◆ **Available data**
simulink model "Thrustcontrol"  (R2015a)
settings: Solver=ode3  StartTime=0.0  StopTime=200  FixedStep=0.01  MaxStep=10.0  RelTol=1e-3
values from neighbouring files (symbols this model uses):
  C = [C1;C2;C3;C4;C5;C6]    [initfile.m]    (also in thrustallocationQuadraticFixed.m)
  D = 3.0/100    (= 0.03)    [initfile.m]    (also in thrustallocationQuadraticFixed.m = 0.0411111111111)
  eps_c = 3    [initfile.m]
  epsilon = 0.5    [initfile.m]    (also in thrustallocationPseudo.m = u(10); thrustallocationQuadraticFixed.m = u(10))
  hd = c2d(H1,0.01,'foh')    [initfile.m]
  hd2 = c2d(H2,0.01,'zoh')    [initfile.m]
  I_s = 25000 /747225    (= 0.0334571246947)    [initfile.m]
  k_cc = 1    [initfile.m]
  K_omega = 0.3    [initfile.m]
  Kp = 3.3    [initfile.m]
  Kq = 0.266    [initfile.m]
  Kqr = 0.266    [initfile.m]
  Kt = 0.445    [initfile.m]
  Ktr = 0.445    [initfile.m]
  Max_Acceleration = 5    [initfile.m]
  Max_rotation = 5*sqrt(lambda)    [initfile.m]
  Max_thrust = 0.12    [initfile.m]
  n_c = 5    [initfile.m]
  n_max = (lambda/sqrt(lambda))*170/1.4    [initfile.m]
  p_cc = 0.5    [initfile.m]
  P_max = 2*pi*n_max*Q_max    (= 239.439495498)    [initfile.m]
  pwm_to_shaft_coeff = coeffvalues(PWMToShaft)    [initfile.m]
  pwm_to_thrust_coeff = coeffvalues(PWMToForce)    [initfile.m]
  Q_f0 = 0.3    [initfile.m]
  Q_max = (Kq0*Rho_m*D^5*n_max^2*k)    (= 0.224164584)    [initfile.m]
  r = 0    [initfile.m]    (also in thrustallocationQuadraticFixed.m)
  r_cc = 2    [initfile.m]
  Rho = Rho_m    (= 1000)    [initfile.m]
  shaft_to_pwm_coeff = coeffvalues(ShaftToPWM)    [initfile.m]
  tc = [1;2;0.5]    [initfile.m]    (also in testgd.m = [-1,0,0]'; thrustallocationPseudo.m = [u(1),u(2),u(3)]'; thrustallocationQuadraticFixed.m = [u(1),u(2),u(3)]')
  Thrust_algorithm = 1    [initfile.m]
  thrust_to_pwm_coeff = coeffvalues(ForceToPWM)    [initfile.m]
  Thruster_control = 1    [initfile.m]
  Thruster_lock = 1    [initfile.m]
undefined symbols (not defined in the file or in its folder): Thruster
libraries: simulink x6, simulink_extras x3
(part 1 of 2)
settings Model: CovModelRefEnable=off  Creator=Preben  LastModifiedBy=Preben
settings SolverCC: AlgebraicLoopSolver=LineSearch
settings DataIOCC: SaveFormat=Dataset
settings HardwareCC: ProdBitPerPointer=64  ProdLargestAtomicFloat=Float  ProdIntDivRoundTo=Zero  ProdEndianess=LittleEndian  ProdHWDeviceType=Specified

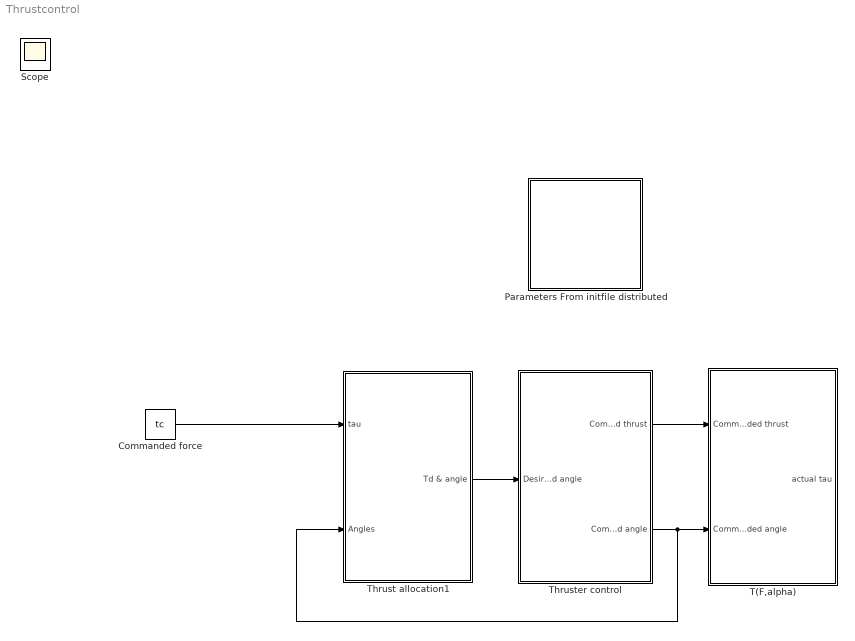
== system Thrustcontrol ==
  Commanded force : Constant  Value=tc
  "Parameters From initfile distributed " : Subsystem
  T(F,alpha) : Subsystem
  Thrust allocation1 : Subsystem
  "Thruster control " : Subsystem
  Scope : Scope
      settings: YMin=-10  YMax=10  SaveName=ScopeData2
  wires:
  "Thruster control "/2(Commanded angle) -> T(F,alpha)/2(Commanded angle), Thrust allocation1/2(Angles)
  Thrust allocation1/1(Td & angle) -> "Thruster control "/1("Desired thrust and angle ")
  "Thruster control "/1("Commanded thrust ") -> T(F,alpha)/1(Commanded thrust)
  Commanded force/1 -> Thrust allocation1/1(tau)

== system Thrustcontrol/Parameters From initfile distributed  ==
  note: Propulsion Control
  Constant : Constant  Value=eps_c
  Constant1 : Constant  Value=k_cc
  Constant2 : Constant  Value=p_cc
  Constant3 : Constant  Value=r_cc
  Constant4 : Constant  Value=eps
  Constant5 : Constant  Value=n_c
  D : Constant  Value=D
  Kq : Constant  Value=Kq
  Kqr : Constant  Value=Kqr
  Kt : Constant  Value=Kt
  Ktr : Constant  Value=Ktr
  Rho : Constant  Value=Rho
  tag scope: D=global, Kq=global, Kqr=global, Kt=global, Ktr=global, Rho=global, eps=global, eps_c=global, k_cc=global, n_c=global, p_cc=global, r_cc=global
  wires:
  Kq/1 -> [Kq]
  Kt/1 -> [Kt]
  D/1 -> [D]
  Rho/1 -> [Rho]
  Constant/1 -> [eps_c]
  Constant1/1 -> [k_cc]
  Constant2/1 -> [p_cc]
  Constant3/1 -> [r_cc]
  Constant4/1 -> [eps]
  Kqr/1 -> [Kqr]
  Ktr/1 -> [Ktr]
  Constant5/1 -> [n_c]

== system Thrustcontrol/T(F,alpha) ==
  Commanded thrust : Inport
  Commanded angle : Inport  Port=2
  Gain : Gain  Commented=through  Gain=-1
  MATLAB Function : MATLAB Function  TreatAsAtomicUnit=on
  Radians to Degrees : simulink_extras/Transformations/Radians to Degrees
  X-position Thruster : Constant  Value=[Thruster.T1(1) Thruster.T2(1) Thruster.T3(1) Thruster.T4(1) Thruster.T5(1) Thruster.T6(1)]
  Y-position Thruster : Constant  Value=[Thruster.T1(2) Thruster.T2(2) Thruster.T3(2) Thruster.T4(2) Thruster.T5(2) Thruster.T6(2)]
  actual tau : Outport
  wires:
  Commanded thrust/1 -> Gain/1
  Commanded angle/1 -> Radians to Degrees/1
  X-position Thruster/1 -> MATLAB Function/3(PosX)
  Y-position Thruster/1 -> MATLAB Function/4(PosY)
  MATLAB Function/1(actual_tau) -> actual tau/1
  Gain/1 -> MATLAB Function/1(thrust_actual)
  Radians to Degrees/1 -> MATLAB Function/2(alpha_actual)

== system Thrustcontrol/Thrust allocation1 ==
  tau : Inport
  Angles : Inport  Port=2
  "  Thrust calculated" : Selector  InputPortWidth=12  Indices=[7 8 9 10 11 12]
  " Angle calculated" : Selector  InputPortWidth=12  Indices=[1 2 3 4 5 6]
  Choosing Fixed / Azimuth angle : Switch  Threshold=1
  Choosing Fixed / Azimuth angle1 : Switch  Threshold=1
  Constant to avoid singularities : Constant  Value=eps
  For Each Subsystem : Subsystem  TreatAsAtomicUnit=on
  Mux : Mux  Inputs=3
  Mux1 : Mux  Inputs=2
  Mux2 : Mux  Inputs=2
  Radians to Degrees : simulink_extras/Transformations/Radians to Degrees
  Switch Azimuth/Fixed angles : Constant  Value=Thruster_lock
  Switch Thrust Algorithm : Constant  Value=Thrust_algorithm
  Thrust and angle specified : Selector  InputPortWidth=12  Indices=[7 1 8 2 9 3 10 4 11 5 12 6]
  ThrustAllocation_Pseudoinverse : S-Function  Commented=on  FunctionName=thrustallocationPseudo  Parameters=Thruster
      settings: AttributesFormatString=%<Commented>
  ThrustAllocation_Quadratic : S-Function  RequirementInfo="{}  %GIDa_450166d5_5ee3_4ab6_8a02_aaacf35750e7"  FunctionName=thrustallocationQuadraticFixed  Parameters=Thruster,C,r
      settings: AttributesFormatString=%<Commented>
  constant angle : Constant  Value=[Thruster.T1(3) Thruster.T2(3) Thruster.T3(3) Thruster.T4(3) Thruster.T5(3) Thruster.T6(3)]
  Td & angle : Outport
  wires:
  Switch Azimuth/Fixed angles/1 -> Choosing Fixed / Azimuth angle/2
  Constant to avoid singularities/1 -> Mux/3
  " Angle calculated"/1 -> Choosing Fixed / Azimuth angle/1
  Thrust and angle specified/1 -> Td & angle/1
  Mux2/1 -> Thrust and angle specified/1
  "  Thrust calculated"/1 -> Mux1/2, Mux2/2
  tau/1 -> Mux/1
  Choosing Fixed / Azimuth angle/1 -> For Each Subsystem/1(Desired Angle)
  Angles/1 -> Radians to Degrees/1
  For Each Subsystem/1("Out2 ") -> Mux2/1
  constant angle/1 -> For Each Subsystem/2("initial angle "), Choosing Fixed / Azimuth angle/3
  Radians to Degrees/1 -> Mux/2
  ThrustAllocation_Quadratic/1 -> Choosing Fixed / Azimuth angle1/1
  Switch Thrust Algorithm/1 -> Choosing Fixed / Azimuth angle1/2
  Choosing Fixed / Azimuth angle1/1 -> "  Thrust calculated"/1, " Angle calculated"/1
  ThrustAllocation_Pseudoinverse/1 -> Choosing Fixed / Azimuth angle1/3
  Mux1/1 -> ThrustAllocation_Quadratic/1
  Mux/1 -> Mux1/1, ThrustAllocation_Pseudoinverse/1

== system Thrustcontrol/Thruster control  ==
  "Desired thrust and angle " : Inport
  Demux : Demux  Outputs=12
  Mux : Mux  Inputs=12
  Mux1 : Mux  Inputs=2
  Selecting Desired thrust1 : Selector  InputPortWidth=12  Indices=[1 3 5 7 9 11]
  Selecting Desired thrust2 : Selector  InputPortWidth=12  Indices=[1 3 5 7 9 11]
  Selecting actual angle : Selector  InputPortWidth=12  Indices=[2 4 6 8 10 12]
  Subsystem : Subsystem
  Subsystem1 : Subsystem
  Thruster 1 : Subsystem
      settings: AttributesFormatString=%<MinAlgLoopOccurrences>
  Thruster 2 : Subsystem
      settings: AttributesFormatString=%<MinAlgLoopOccurrences>
  Thruster 3 : Subsystem
      settings: AttributesFormatString=%<MinAlgLoopOccurrences>
  Thruster 4 : Subsystem
      settings: AttributesFormatString=%<MinAlgLoopOccurrences>
  Thruster 5 : Subsystem
      settings: AttributesFormatString=%<MinAlgLoopOccurrences>
  Thruster 6 : Subsystem
      settings: AttributesFormatString=%<MinAlgLoopOccurrences>
  "Commanded thrust " : Outport
  Commanded angle : Outport  Port=2
  wires:
  Selecting actual angle/1 -> Subsystem1/1(Calculated angles)
  "Desired thrust and angle "/1 -> Selecting actual angle/1, Selecting Desired thrust1/1
  Subsystem1/1(Commanded angles) -> Commanded angle/1
  Subsystem/1(Thrust from model) -> "Commanded thrust "/1
  Mux/1 -> Selecting Desired thrust2/1
  Demux/1 -> Thruster 1/1(Desired thrust 1)
  Demux/2 -> Thruster 2/1(Desired thrust 1)
  Demux/3 -> Thruster 3/1(Desired thrust 1)
  Demux/4 -> Thruster 4/1(Desired thrust 1)
  Demux/5 -> Thruster 5/1(Desired thrust 1)
  Demux/6 -> Thruster 6/1(Desired thrust 1)
  Selecting Desired thrust1/1 -> Mux1/1
  Thruster 1/1("Commanded thrust ") -> Mux/1
  Thruster 1/2(Shaft speed) -> Mux/2
  Thruster 2/1("Commanded thrust ") -> Mux/3
  Thruster 3/1("Commanded thrust ") -> Mux/5
  Thruster 4/1("Commanded thrust ") -> Mux/7
  Thruster 5/1("Commanded thrust ") -> Mux/9
  Thruster 6/1("Commanded thrust ") -> Mux/11
  Thruster 2/2(Shaft speed) -> Mux/4
  Thruster 3/2(Shaft speed) -> Mux/6
  Thruster 4/2(Shaft speed) -> Mux/8
  Thruster 5/2(Shaft speed) -> Mux/10
  Thruster 6/2(Shaft speed) -> Mux/12
  Selecting Desired thrust2/1 -> Subsystem/1(Calculated thrust)
  Mux1/1 -> Demux/1
  Subsystem/2(pwm to shaftspeed) -> Mux1/2
  Demux/7 -> Thruster 1/2(shaft speed)
  Demux/8 -> Thruster 2/2(shaft speed)
  Demux/9 -> Thruster 3/2(shaft speed)
  Demux/10 -> Thruster 4/2(shaft speed)
  Demux/11 -> Thruster 5/2(shaft speed)
  Demux/12 -> Thruster 6/2(shaft speed)

== system Thrustcontrol/Thrust allocation1/For Each Subsystem ==
  Desired Angle : Inport  Partition=on  PartitionDimension=1  PartitionWidth=1
  "initial angle " : Inport  Port=2  Partition=on  PartitionDimension=1  PartitionWidth=1
  Degrees to Radians : simulink_extras/Transformations/Degrees to Radians
  Discrete-Time Integrator : DiscreteIntegrator  ExternalReset=either  InitialConditionSource=external  InitialConditionSetting=State (most efficient)  SampleTime=0.01  UpperSaturationLimit=180  LowerSaturationLimit=-180
  For Each : ForEach  DisableCoverage=on  IndexMode=One-based
  MATLAB Function : MATLAB Function  TreatAsAtomicUnit=on
  MATLAB Function1 : MATLAB Function  TreatAsAtomicUnit=on
  Max Rotation Rate : Saturate  UpperLimit=Max_rotation  LowerLimit=-Max_rotation
  constant : Constant  Value=0
  "Out2 " : Outport  ConcatenationDimension=1
  wires:
  Degrees to Radians/1 -> MATLAB Function/1(angle)
  MATLAB Function/1(y) -> "Out2 "/1
  Discrete-Time Integrator/1 -> Degrees to Radians/1, MATLAB Function1/2(actual)  "angle"
  "initial angle "/1 -> Discrete-Time Integrator/3
  Max Rotation Rate/1 -> Discrete-Time Integrator/1
  MATLAB Function1/1(psi_D) -> Max Rotation Rate/1
  Desired Angle/1 -> MATLAB Function1/1(desired)
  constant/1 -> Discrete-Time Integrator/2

◆ **Description of the task**
Could you repeat exactly the lines in the listing above from the one with "Angles/1 -> Radians to Degrees/1" down to the one with "Thruster 1 : Subsystem"? Include both of those lines.

◆ **Result for this exercise**
  Angles/1 -> Radians to Degrees/1
  For Each Subsystem/1("Out2 ") -> Mux2/1
  constant angle/1 -> For Each Subsystem/2("initial angle "), Choosing Fixed / Azimuth angle/3
  Radians to Degrees/1 -> Mux/2
  ThrustAllocation_Quadratic/1 -> Choosing Fixed / Azimuth angle1/1
  Switch Thrust Algorithm/1 -> Choosing Fixed / Azimuth angle1/2
  Choosing Fixed / Azimuth angle1/1 -> "  Thrust calculated"/1, " Angle calculated"/1
  ThrustAllocation_Pseudoinverse/1 -> Choosing Fixed / Azimuth angle1/3
  Mux1/1 -> ThrustAllocation_Quadratic/1
  Mux/1 -> Mux1/1, ThrustAllocation_Pseudoinverse/1

== system Thrustcontrol/Thruster control  ==
  "Desired thrust and angle " : Inport
  Demux : Demux  Outputs=12
  Mux : Mux  Inputs=12
  Mux1 : Mux  Inputs=2
  Selecting Desired thrust1 : Selector  InputPortWidth=12  Indices=[1 3 5 7 9 11]
  Selecting Desired thrust2 : Selector  InputPortWidth=12  Indices=[1 3 5 7 9 11]
  Selecting actual angle : Selector  InputPortWidth=12  Indices=[2 4 6 8 10 12]
  Subsystem : Subsystem
  Subsystem1 : Subsystem
  Thruster 1 : Subsystem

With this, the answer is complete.